Too many tools… not enough carpenters! by Nicholas Hartman.
From the webpage:
Don’t let your enterprise make the expensive mistake of thinking that buying tons of proprietary tools will solve your data analytics challenges.
tl;dr = The enterprise needs to invest in core data science skills, not proprietary tools.
Most of the world’s largest corporations are flush with data, but frequently still struggle to achieve the vast performance increases promised by the hype around so called “big data.” It’s not that the excitement around the potential of harvesting all that data was unwarranted, but rather these companies are finding that translating data into information and ultimately tangible value can be hard… really hard.
In your typical new tech-based startup the entire computing ecosystem was likely built from day one around the need to generate, store, analyze and create value from data. That ecosystem was also likely backed from day one with a team of qualified data scientists. Such ecosystems spawned a wave of new data science technologies that have since been productized into tools for sale. Backed by mind-blowingly large sums of VC cash many of these tools have set their eyes on the large enterprise market. A nice landscape of such tools was recently prepared by Matt Turck of FirstMark Capital (host of Data Driven NYC, one of the best data science meetups around).
Consumers stopped paying money for software a long time ago (they now mostly let the advertisers pay for the product). If you want to make serious money in pure software these days you have to sell to the enterprise.
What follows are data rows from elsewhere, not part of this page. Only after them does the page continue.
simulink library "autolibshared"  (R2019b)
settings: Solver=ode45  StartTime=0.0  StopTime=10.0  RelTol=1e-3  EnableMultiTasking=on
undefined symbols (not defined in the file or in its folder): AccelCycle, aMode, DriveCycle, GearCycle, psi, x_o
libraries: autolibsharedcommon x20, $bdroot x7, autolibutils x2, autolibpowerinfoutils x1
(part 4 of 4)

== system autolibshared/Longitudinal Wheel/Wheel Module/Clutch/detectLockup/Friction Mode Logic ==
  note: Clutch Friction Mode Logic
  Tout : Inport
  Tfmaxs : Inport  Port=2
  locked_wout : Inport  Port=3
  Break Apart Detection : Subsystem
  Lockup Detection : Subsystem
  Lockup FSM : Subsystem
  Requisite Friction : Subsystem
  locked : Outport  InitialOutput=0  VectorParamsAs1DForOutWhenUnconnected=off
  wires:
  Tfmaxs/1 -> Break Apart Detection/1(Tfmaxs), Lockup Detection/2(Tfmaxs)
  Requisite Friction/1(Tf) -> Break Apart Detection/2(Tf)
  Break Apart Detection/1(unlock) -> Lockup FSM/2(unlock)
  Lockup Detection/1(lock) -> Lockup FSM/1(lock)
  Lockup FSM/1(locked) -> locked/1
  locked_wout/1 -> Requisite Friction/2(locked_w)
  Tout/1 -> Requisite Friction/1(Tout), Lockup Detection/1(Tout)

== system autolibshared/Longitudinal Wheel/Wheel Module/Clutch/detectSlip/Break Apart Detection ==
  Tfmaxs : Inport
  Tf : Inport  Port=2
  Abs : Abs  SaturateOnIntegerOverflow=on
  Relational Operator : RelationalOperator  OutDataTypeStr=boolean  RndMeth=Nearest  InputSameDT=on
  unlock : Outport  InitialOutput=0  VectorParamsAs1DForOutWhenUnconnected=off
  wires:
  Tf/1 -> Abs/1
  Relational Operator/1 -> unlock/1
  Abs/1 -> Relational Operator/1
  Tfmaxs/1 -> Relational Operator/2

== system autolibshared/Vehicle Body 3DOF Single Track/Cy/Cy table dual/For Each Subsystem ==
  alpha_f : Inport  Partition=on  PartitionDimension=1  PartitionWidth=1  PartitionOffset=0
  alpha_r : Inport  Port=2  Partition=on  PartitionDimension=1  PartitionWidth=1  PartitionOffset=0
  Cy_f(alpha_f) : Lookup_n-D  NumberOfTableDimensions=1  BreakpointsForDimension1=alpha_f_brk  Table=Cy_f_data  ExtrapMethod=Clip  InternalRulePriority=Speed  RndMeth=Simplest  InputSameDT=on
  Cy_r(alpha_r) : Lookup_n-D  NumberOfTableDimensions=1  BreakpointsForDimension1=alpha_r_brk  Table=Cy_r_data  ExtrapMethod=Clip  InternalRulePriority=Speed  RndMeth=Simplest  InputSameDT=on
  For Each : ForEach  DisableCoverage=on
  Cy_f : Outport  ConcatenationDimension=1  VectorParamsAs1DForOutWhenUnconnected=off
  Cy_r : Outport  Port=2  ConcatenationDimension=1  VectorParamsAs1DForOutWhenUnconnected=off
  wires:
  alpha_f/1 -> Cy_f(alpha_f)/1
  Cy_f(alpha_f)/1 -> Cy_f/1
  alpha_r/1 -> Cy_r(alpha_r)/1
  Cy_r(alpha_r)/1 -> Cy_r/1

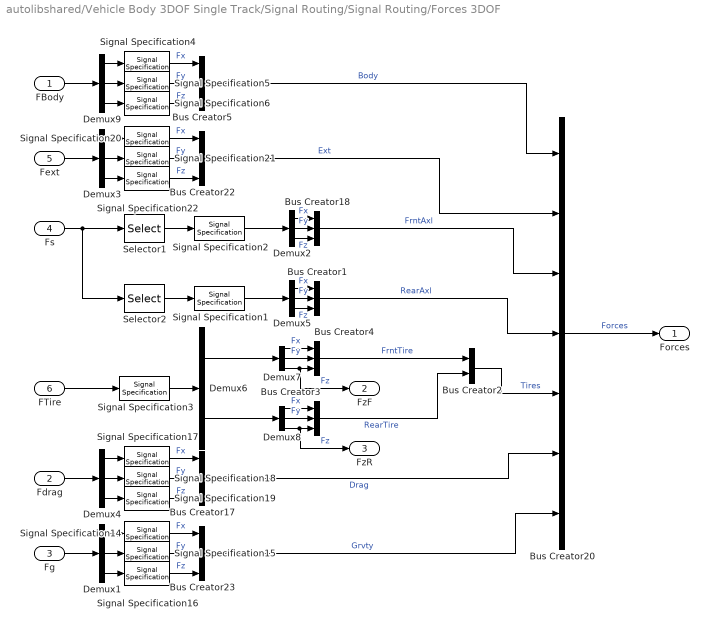
== system autolibshared/Vehicle Body 3DOF Single Track/Signal Routing/Signal Routing/Forces 3DOF ==
  FBody : Inport
  Fdrag : Inport  Port=2
  Fg : Inport  Port=3
  Fs : Inport  Port=4  Unit=N
  Fext : Inport  Port=5
  FTire : Inport  Port=6
  Bus Creator{1,3..5,17..18,22..23} (8 alike) : BusCreator  Inputs=3
  Bus Creator2 : BusCreator  Inputs=2
  Bus Creator20 : BusCreator  Inputs=7
  Demux{1..5,7..9} (8 alike) : Demux  Outputs=3
  Demux6 : Demux  Outputs=[3,3]
  Selector1 : Selector  IndexOptions=Index vector (dialog)  Indices=[1:3]  OutputSizes=1
  Selector2 : Selector  IndexOptions=Index vector (dialog)  Indices=[4:6]  OutputSizes=1
  Signal Specification{1..6,14..22} (15 alike) : SignalSpecification  Unit=N
  Forces : Outport  VectorParamsAs1DForOutWhenUnconnected=off
  FzF : Outport  Port=2  VectorParamsAs1DForOutWhenUnconnected=off
  FzR : Outport  Port=3  VectorParamsAs1DForOutWhenUnconnected=off
  wires:
  Signal Specification5/1 -> Bus Creator5/2  "Fy"
  Signal Specification4/1 -> Bus Creator5/1  "Fx"
  Signal Specification6/1 -> Bus Creator5/3  "Fz"
  FBody/1 -> Demux9/1
  Demux9/1 -> Signal Specification4/1
  Demux9/2 -> Signal Specification5/1
  Demux9/3 -> Signal Specification6/1
  Bus Creator5/1 -> Bus Creator20/1  "Body"
  Bus Creator17/1 -> Bus Creator20/6  "Drag"
  Bus Creator2/1 -> Bus Creator20/5  "Tires"
  Demux6/2 -> Demux8/1
  Demux6/1 -> Demux7/1
  Signal Specification3/1 -> Demux6/1
  FTire/1 -> Signal Specification3/1
  Selector2/1 -> Signal Specification1/1
  Signal Specification2/1 -> Demux2/1
  Signal Specification1/1 -> Demux5/1
  Fs/1 -> Selector2/1, Selector1/1
  Selector1/1 -> Signal Specification2/1
  Demux5/1 -> Bus Creator1/1  "Fx"
  Bus Creator4/1 -> Bus Creator2/1  "FrntTire"
  Bus Creator3/1 -> Bus Creator2/2  "RearTire"
  Demux7/1 -> Bus Creator4/1  "Fx"
  Demux7/2 -> Bus Creator4/2  "Fy"
  Demux7/3 -> Bus Creator4/3, FzF/1  "Fz"
  Demux8/3 -> Bus Creator3/3, FzR/1  "Fz"
  Demux8/2 -> Bus Creator3/2  "Fy"
  Demux8/1 -> Bus Creator3/1  "Fx"
  Demux5/2 -> Bus Creator1/2  "Fy"
  Demux5/3 -> Bus Creator1/3  "Fz"
  Demux2/3 -> Bus Creator18/3  "Fz"
  Demux2/2 -> Bus Creator18/2  "Fy"
  Demux2/1 -> Bus Creator18/1  "Fx"
  Bus Creator1/1 -> Bus Creator20/4  "RearAxl"
  Bus Creator18/1 -> Bus Creator20/3  "FrntAxl"
  Fdrag/1 -> Demux4/1
  Demux4/3 -> Signal Specification19/1
  Demux4/2 -> Signal Specification18/1
  Demux4/1 -> Signal Specification17/1
  Demux3/3 -> Signal Specification22/1
  Demux3/2 -> Signal Specification21/1
  Demux3/1 -> Signal Specification20/1
  Fext/1 -> Demux3/1
  Bus Creator22/1 -> Bus Creator20/2  "Ext"
  Signal Specification22/1 -> Bus Creator22/3  "Fz"
  Signal Specification20/1 -> Bus Creator22/1  "Fx"
  Signal Specification15/1 -> Bus Creator23/2  "Fy"
  Signal Specification21/1 -> Bus Creator22/2  "Fy"
  Signal Specification18/1 -> Bus Creator17/2  "Fy"
  Signal Specification17/1 -> Bus Creator17/1  "Fx"
  Signal Specification14/1 -> Bus Creator23/1  "Fx"
  Signal Specification19/1 -> Bus Creator17/3  "Fz"
  Signal Specification16/1 -> Bus Creator23/3  "Fz"
  Bus Creator20/1 -> Forces/1  "Forces"
  Bus Creator23/1 -> Bus Creator20/7  "Grvty"
  Demux1/2 -> Signal Specification15/1
  Demux1/3 -> Signal Specification16/1
  Fg/1 -> Demux1/1
  Demux1/1 -> Signal Specification14/1

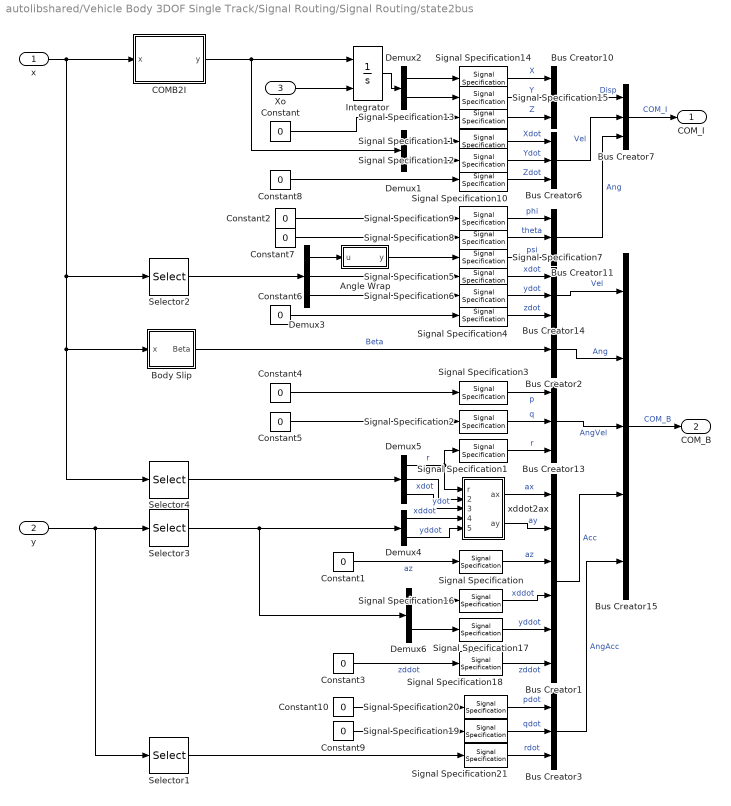
== system autolibshared/Vehicle Body 3DOF Single Track/Signal Routing/Signal Routing/state2bus ==
  x : Inport
  y : Inport  Port=2
  Xo : Inport  Port=3
  Angle Wrap : Subsystem  VariantControlMode=Label  Variant=on  VariantControl=Variant1  LabelModeActiveChoice=None
  Body Slip : Subsystem
  Bus Creator1 : BusCreator  Inputs=6
  Bus Creator{3,6..7,10..11,13..14} (7 alike) : BusCreator  Inputs=3
  Bus Creator15 : BusCreator  Inputs=5
  Bus Creator2 : BusCreator  Inputs=1
  COMB2I : MATLAB Function  TreatAsAtomicUnit=on
  Constant{,1..10} (11 alike) : Constant  Value=0
  Demux{1..2,4,6} (4 alike) : Demux  Outputs=2
  Demux3 : Demux  Outputs=3
  Demux5 : Demux  Outputs=3
  Integrator : Integrator  InitialConditionSource=external
  Selector1 : Selector  IndexOptions=Index vector (dialog)  Indices=[3]  OutputSizes=1
  Selector2 : Selector  IndexOptions=Index vector (dialog)  Indices=[3,1,2]  OutputSizes=1
  Selector3 : Selector  IndexOptions=Index vector (dialog)  Indices=[1,2]  OutputSizes=1
  Selector4 : Selector  IndexOptions=Index vector (dialog)  Indices=[4,1,2]  OutputSizes=1
  Signal Specification : SignalSpecification  Unit=gn
  Signal Specification1 : SignalSpecification  Unit=rad/s
  Signal Specification{4..6,10..12} (6 alike) : SignalSpecification  Unit=m/s
  Signal Specification13 : SignalSpecification  Unit=m
  Signal Specification14 : SignalSpecification  Unit=m
  Signal Specification15 : SignalSpecification  Unit=m
  Signal Specification16 : SignalSpecification  Unit=m/s^2
  Signal Specification17 : SignalSpecification  Unit=m/s^2
  Signal Specification18 : SignalSpecification  Unit=m/s^2
  Signal Specification19 : SignalSpecification  Unit=rad/s^2
  Signal Specification2 : SignalSpecification  Unit=rad/s
  Signal Specification20 : SignalSpecification  Unit=rad/s^2
  Signal Specification21 : SignalSpecification  Unit=rad/s^2
  Signal Specification3 : SignalSpecification  Unit=rad/s
  Signal Specification7 : SignalSpecification  Unit=rad
  Signal Specification8 : SignalSpecification  Unit=rad
  Signal Specification9 : SignalSpecification  Unit=rad
  xddot2ax : Subsystem
  COM_I : Outport  VectorParamsAs1DForOutWhenUnconnected=off
  COM_B : Outport  Port=2  VectorParamsAs1DForOutWhenUnconnected=off
  wires:
  Demux2/1 -> Signal Specification14/1
  Demux2/2 -> Signal Specification15/1
  Constant/1 -> Signal Specification13/1
  Demux1/1 -> Signal Specification11/1
  Demux1/2 -> Signal Specification12/1
  Constant2/1 -> Signal Specification9/1
  Constant7/1 -> Signal Specification8/1
  Demux3/1 -> Angle Wrap/1("u ")
  Demux3/3 -> Signal Specification6/1
  Demux3/2 -> Signal Specification5/1
  Constant6/1 -> Signal Specification4/1
  Constant4/1 -> Signal Specification3/1
  Constant5/1 -> Signal Specification2/1
  Signal Specification1/1 -> Bus Creator13/3  "r"
  xddot2ax/2(ay) -> Bus Creator1/2  "ay"
  xddot2ax/1(ax) -> Bus Creator1/1  "ax"
  Demux4/2 -> xddot2ax/5(yddot)  "yddot"
  Demux4/1 -> xddot2ax/4(xddot)  "xddot"
  Demux5/3 -> xddot2ax/3(ydot)  "ydot"
  Demux5/2 -> xddot2ax/2(xdot)  "xdot"
  Selector4/1 -> Demux5/1
  Demux5/1 -> xddot2ax/1(r), Signal Specification1/1  "r"
  x/1 -> Selector4/1, Body Slip/1(x), Selector2/1, COMB2I/1(x)
  Signal Specification10/1 -> Bus Creator6/3  "Zdot"
  Signal Specification4/1 -> Bus Creator14/3  "zdot"
  Signal Specification11/1 -> Bus Creator6/1  "Xdot"
  Signal Specification15/1 -> Bus Creator10/2  "Y"
  Bus Creator13/1 -> Bus Creator15/3  "AngVel"
  Signal Specification13/1 -> Bus Creator10/3  "Z"
  Signal Specification14/1 -> Bus Creator10/1  "X"
  Signal Specification9/1 -> Bus Creator11/1  "phi"
  Bus Creator7/1 -> COM_I/1  "COM_I"
  Signal Specification3/1 -> Bus Creator13/1  "p"
  Bus Creator14/1 -> Bus Creator15/1  "Vel"
  Bus Creator6/1 -> Bus Creator7/2  "Vel"
  Bus Creator10/1 -> Bus Creator7/1  "Disp"
  Signal Specification8/1 -> Bus Creator11/2  "theta"
  Selector2/1 -> Demux3/1
  Signal Specification12/1 -> Bus Creator6/2  "Ydot"
  Signal Specification2/1 -> Bus Creator13/2  "q"
  Bus Creator15/1 -> COM_B/1  "COM_B"
  Signal Specification5/1 -> Bus Creator14/1  "xdot"
  Bus Creator11/1 -> Bus Creator7/3  "Ang"
  Signal Specification6/1 -> Bus Creator14/2  "ydot"
  Integrator/1 -> Demux2/1
  COMB2I/1(y) -> Integrator/1, Demux1/1
  Signal Specification7/1 -> Bus Creator11/3  "psi"
  Signal Specification/1 -> Bus Creator1/3  "az"
  y/1 -> Selector1/1, Selector3/1
  Selector3/1 -> Demux4/1, Demux6/1
  Constant3/1 -> Signal Specification18/1  "zddot"
  Signal Specification18/1 -> Bus Creator1/6  "zddot"
  Signal Specification17/1 -> Bus Creator1/5  "yddot"
  Signal Specification16/1 -> Bus Creator1/4  "xddot"
  Constant1/1 -> Signal Specification/1  "az"
  Demux6/1 -> Signal Specification16/1
  Demux6/2 -> Signal Specification17/1
  Constant8/1 -> Signal Specification10/1
  Bus Creator1/1 -> Bus Creator15/4  "Acc"
  Bus Creator2/1 -> Bus Creator15/2  "Ang"
  Body Slip/1(Beta) -> Bus Creator2/1  "Beta"
  Xo/1 -> Integrator/2
  Signal Specification21/1 -> Bus Creator3/3  "rdot"
  Signal Specification19/1 -> Bus Creator3/2  "qdot"
  Signal Specification20/1 -> Bus Creator3/1  "pdot"
  Bus Creator3/1 -> Bus Creator15/5  "AngAcc"
  Constant9/1 -> Signal Specification19/1
  Constant10/1 -> Signal Specification20/1
  Selector1/1 -> Signal Specification21/1
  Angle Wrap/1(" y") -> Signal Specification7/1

Large corporations still spend billions and billions every year on software and data science is one of the hottest areas in tech right now, so selling software for crunching data should be a no-brainer! Not so fast.
The problem is, the enterprise data environment is often nothing like that found within your typical 3-year-old startup. Data can be strewn across hundreds or thousands of systems that don’t talk to each other. Devices like mainframes are still common. Vast quantities of data are generated and stored within these companies, but until recently nobody ever really envisioned ever accessing — let alone analyzing — these archived records. Often, it’s not initially even clear how the all data generated by these systems directly relates to a large blue chip’s core business operations. It does, but a lack of in-house data scientists means that nobody is entirely even sure what data is really there or how it can be leveraged.
…
I would delete “proprietary” from the above because non-proprietary tools create data problems just as easily.
Thus I would re-write the second quote as:
Tools won’t replace skilled talent, and skilled talent doesn’t typically need many particular tools.
I substituted “particular” tools to avoid religious questions about particular non-proprietary tools.
Understanding data, recognizing where data integration is profitable and where it is a dead loss, creating tests to measure potential ROI, etc., are all tasks of a human data analyst and not any proprietary or non-proprietary tool.
That all enterprise data has some intrinsic value that can be extracted if it were only accessible is an article of religious faith, not business ROI.
If you want business ROI from data, start with human analysts and not the latest buzzwords in technological tools.